======== RECORD SET

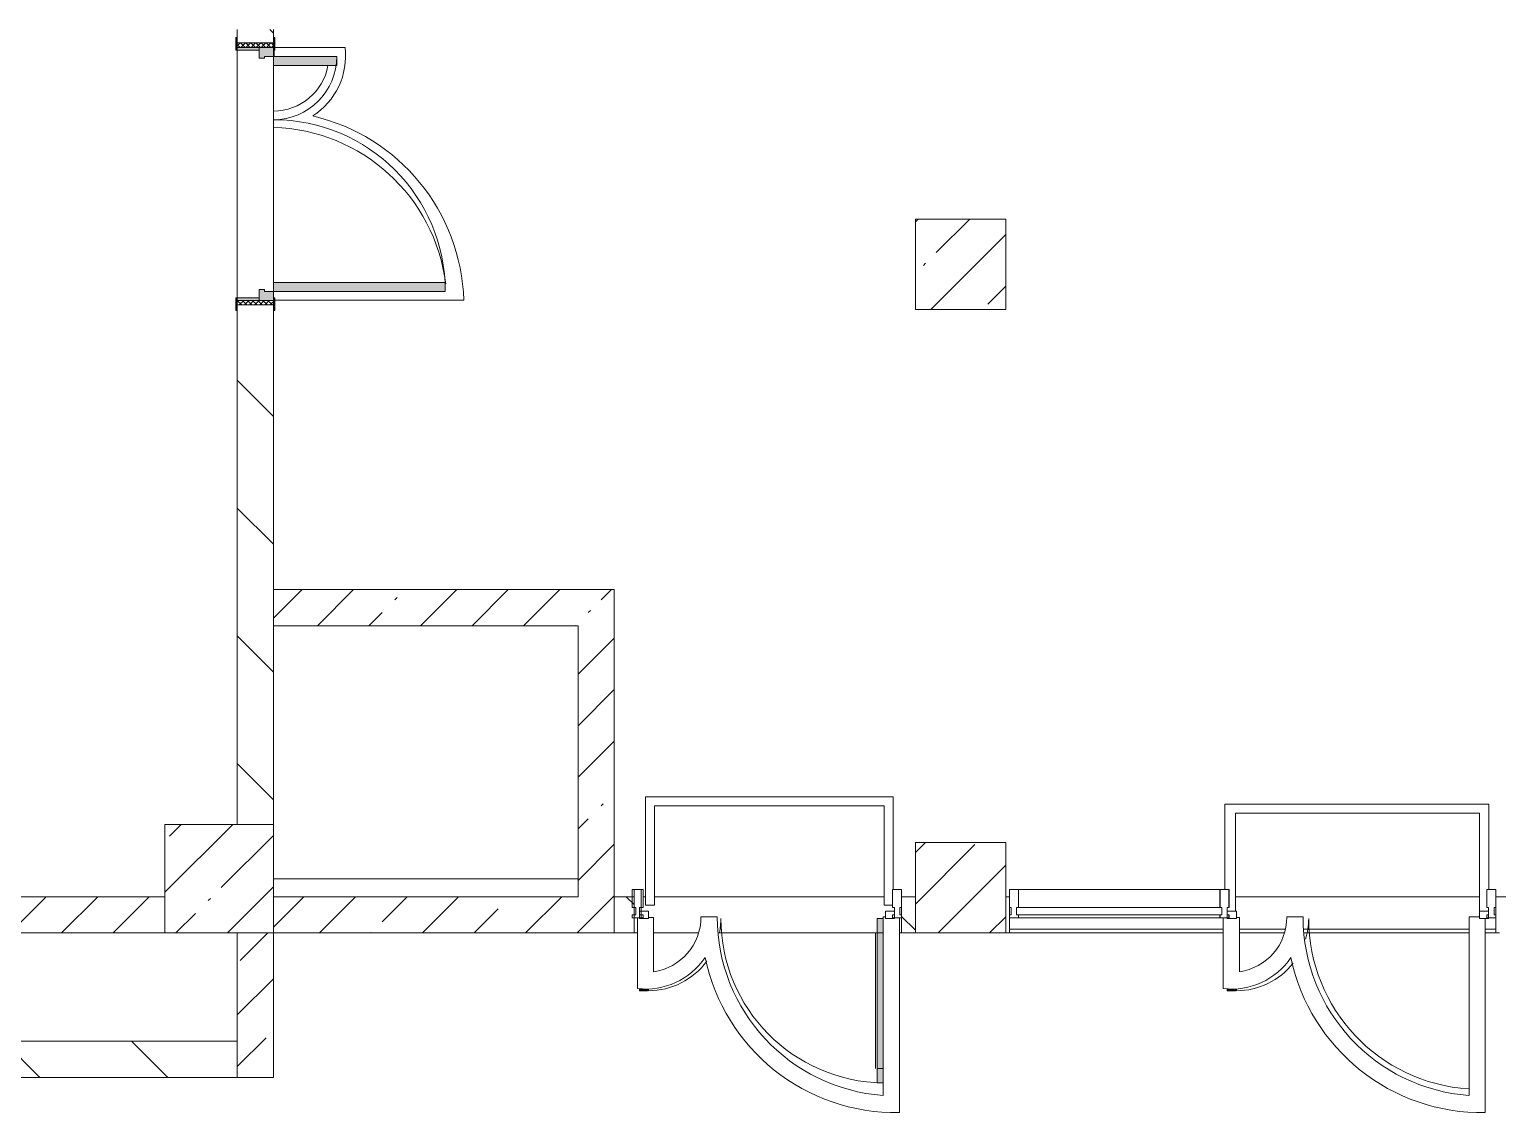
# Model space of a CAD drawing. Header units: millimetres. Extents: x -3238 to 193830, y -8553 to 29000.
# Drawn here: x 124367 to 132487, y 10705 to 16700 of the extents above; entities that cross this region are included whole.
import ezdxf

# ---------------------------------------------------------------- set-up
doc = ezdxf.new("R2010")
doc.units = ezdxf.units.MM
for name, color, linetype, lineweight, true_color in [('A-DETL-GENF-6', 7, 'Continuous', 5, 0xe2e2e2), ('A-DETL-GENF-7', 7, 'Continuous', 5, 0xaaaaaa), ('A-DOOR-2', 7, 'Continuous', 5, 0xaaaaaa), ('A-DOOR-3', 7, 'Continuous', 5, 0xe2e2e2), ('A-DOOR-FRAM-2', 7, 'Continuous', 5, 0xe2e2e2), ('A-DOOR-FRAM-3', 7, 'Continuous', 5, 0xaaaaaa), ('A-FLOR-3', 7, 'Continuous', 5, 0xaaaaaa)]:
    doc.layers.add(name, color=color, linetype=linetype, lineweight=lineweight, true_color=true_color)
for name, color, linetype, lineweight in [('A-GLAZ-CURT-3', 7, 'Continuous', 5), ('A-GLAZ-CWMG-4', 7, 'Continuous', 5), ('A-WALL', 7, 'Continuous', 9), ('I-WALL-6', 7, 'Continuous', 5), ('S-COLS-3', 7, 'Continuous', 5)]:
    doc.layers.add(name, color=color, linetype=linetype, lineweight=lineweight)
pattern_1 = [(135, (58957.15, 0), (-353.5534, -353.5534), [])]
pattern_2 = [(45, (58957.15, 0), (-285.1231, 285.1231), []), (45, (59242.27, 0), (-285.1231, 285.1231), [504.031, -100.806, 16.764, -84.042])]

# ---------------------------------------------------------------- blocks, each defined once
blk = doc.blocks.new('BSC_Колонна _Прямоугольная - 600х600-23205240-2_3_1_птичка')
at = {"layer": 'S-COLS-3'}
h = blk.add_hatch(dxfattribs=at)
h.set_pattern_fill('FP_149', color=256, style=0, pattern_type=2)
h.set_pattern_definition([(45, (-66460, -12000), (-285.1231, 285.1231), []), (45, (-66174.88, -12000), (-285.1231, 285.1231), [504.031, -100.806, 16.764, -84.042])])
h.paths.add_polyline_path([(-300, -300), (300, -300), (300, 300), (-300, 300)])
for p, q in [((300, 300), (-300, 300)), ((-300, 300), (-300, -300)), ((300, -300), (300, 300)), ((-300, -300), (300, -300))]:
    blk.add_line(p, q, dxfattribs=at)
blk = doc.blocks.new('110_Дверь_СКБ_2Ст - Д-6_л__ ДОО_Дв_1450x2100h_Дверь из раздевальной в коридор-V145-2_3_1_птичка')
at = {"layer": 'A-DOOR-2'}
h = blk.add_hatch(dxfattribs=at)
h.set_pattern_fill('FP_168', color=256, style=0, pattern_type=2)
h.set_pattern_definition([(135, (1576.41, 164.685), (-14.14214, -14.14214), []), (225, (1576.41, 164.685), (14.14214, -14.14214), [])])
h.paths.add_polyline_path([(737.5, 100), (712.5, 100), (712.5, -100), (737.5, -100), (737.5, -23.7)])
at = {"layer": 'A-DOOR-3'}
for points in [[(662.5, 100), (662.5, 1050), (612.5, 1050), (612.5, 100)], [(-587.5, 100), (-587.5, 450), (-637.5, 450), (-637.5, 100)]]:
    blk.add_hatch(color=256, dxfattribs=at).paths.add_polyline_path(points)
h = blk.add_hatch(color=256, dxfattribs=at)
h.paths.add_polyline_path([(712.5, 100), (662.5, 100), (662.5, 50), (652.5, 50), (652.5, 20), (712.5, 20)])
h.paths.add_polyline_path([(-627.5, 20), (-627.5, 50), (-637.5, 50), (-637.5, 100), (-687.5, 100), (-687.5, 20)])
at = {"layer": 'A-DOOR-FRAM-2'}
for points in [[(-672.5, 100), (-672.5, 108), (-742.5, 108), (-742.5, 100)], [(767.5, 100), (767.5, 108), (697.5, 108), (697.5, 100)], [(-672.5, 20), (-687.5, 20), (-687.5, -100), (-672.5, -100), (-672.5, -23.7)], [(712.5, 20), (697.5, 20), (697.5, -100), (712.5, -100), (712.5, -23.7)], [(-672.5, -100), (-742.5, -100), (-742.5, -108), (-672.5, -108)], [(767.5, -108), (767.5, -100), (697.5, -100), (697.5, -108)]]:
    blk.add_hatch(color=256, dxfattribs=at).paths.add_polyline_path(points)
at = {"layer": 'A-DOOR-FRAM-3'}
h = blk.add_hatch(dxfattribs=at)
h.set_pattern_fill('FP_169', color=256, style=0, pattern_type=2)
h.set_pattern_definition([(45, (-546.384, 164.685), (-14.1421, 14.1421), []), (135, (-546.384, 164.685), (-14.1421, -14.1421), [])])
h.paths.add_polyline_path([(-687.5, -23.7), (-687.5, 100), (-712.5, 100), (-712.5, -100), (-687.5, -100)])
at = {"layer": 'A-DOOR-2'}
for p, q in [((662.5, 1050), (612.5, 1050)), ((612.5, 1050), (612.5, 100)), ((662.5, 100), (662.5, 1050)), ((-637.5, 450), (-637.5, 100)), ((-587.5, 450), (-637.5, 450)), ((-587.5, 100), (-587.5, 450)), ((-637.5, 100), (-587.5, 100)), ((612.5, 100), (662.5, 100))]:
    blk.add_line(p, q, dxfattribs=at)
for centre, radius, start, end in [((662.5, 100), 950, 90, 180), ((-637.5, 100), 350, 360, 90)]:
    blk.add_arc(centre, radius, start, end, dxfattribs=at)
at = {"layer": 'A-DOOR-FRAM-3'}
for p, q in [((-672.5, 108), (-742.5, 108)), ((-742.5, 108), (-742.5, 100)), ((-742.5, 100), (-672.5, 100)), ((-687.5, 100), (-712.5, 100)), ((-712.5, 100), (-712.5, -100)), ((-637.5, 100), (-687.5, 100)), ((-687.5, 100), (-687.5, 20)), ((-687.5, -100), (-687.5, 100)), ((-672.5, 100), (-672.5, 108)), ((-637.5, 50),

================

# TASK ITEM:
Copy each line from the data above that includes "COLS".

# SOLVED EXERCISE:
for name, color, linetype, lineweight in [('A-GLAZ-CURT-3', 7, 'Continuous', 5), ('A-GLAZ-CWMG-4', 7, 'Continuous', 5), ('A-WALL', 7, 'Continuous', 9), ('I-WALL-6', 7, 'Continuous', 5), ('S-COLS-3', 7, 'Continuous', 5)]:
at = {"layer": 'S-COLS-3'}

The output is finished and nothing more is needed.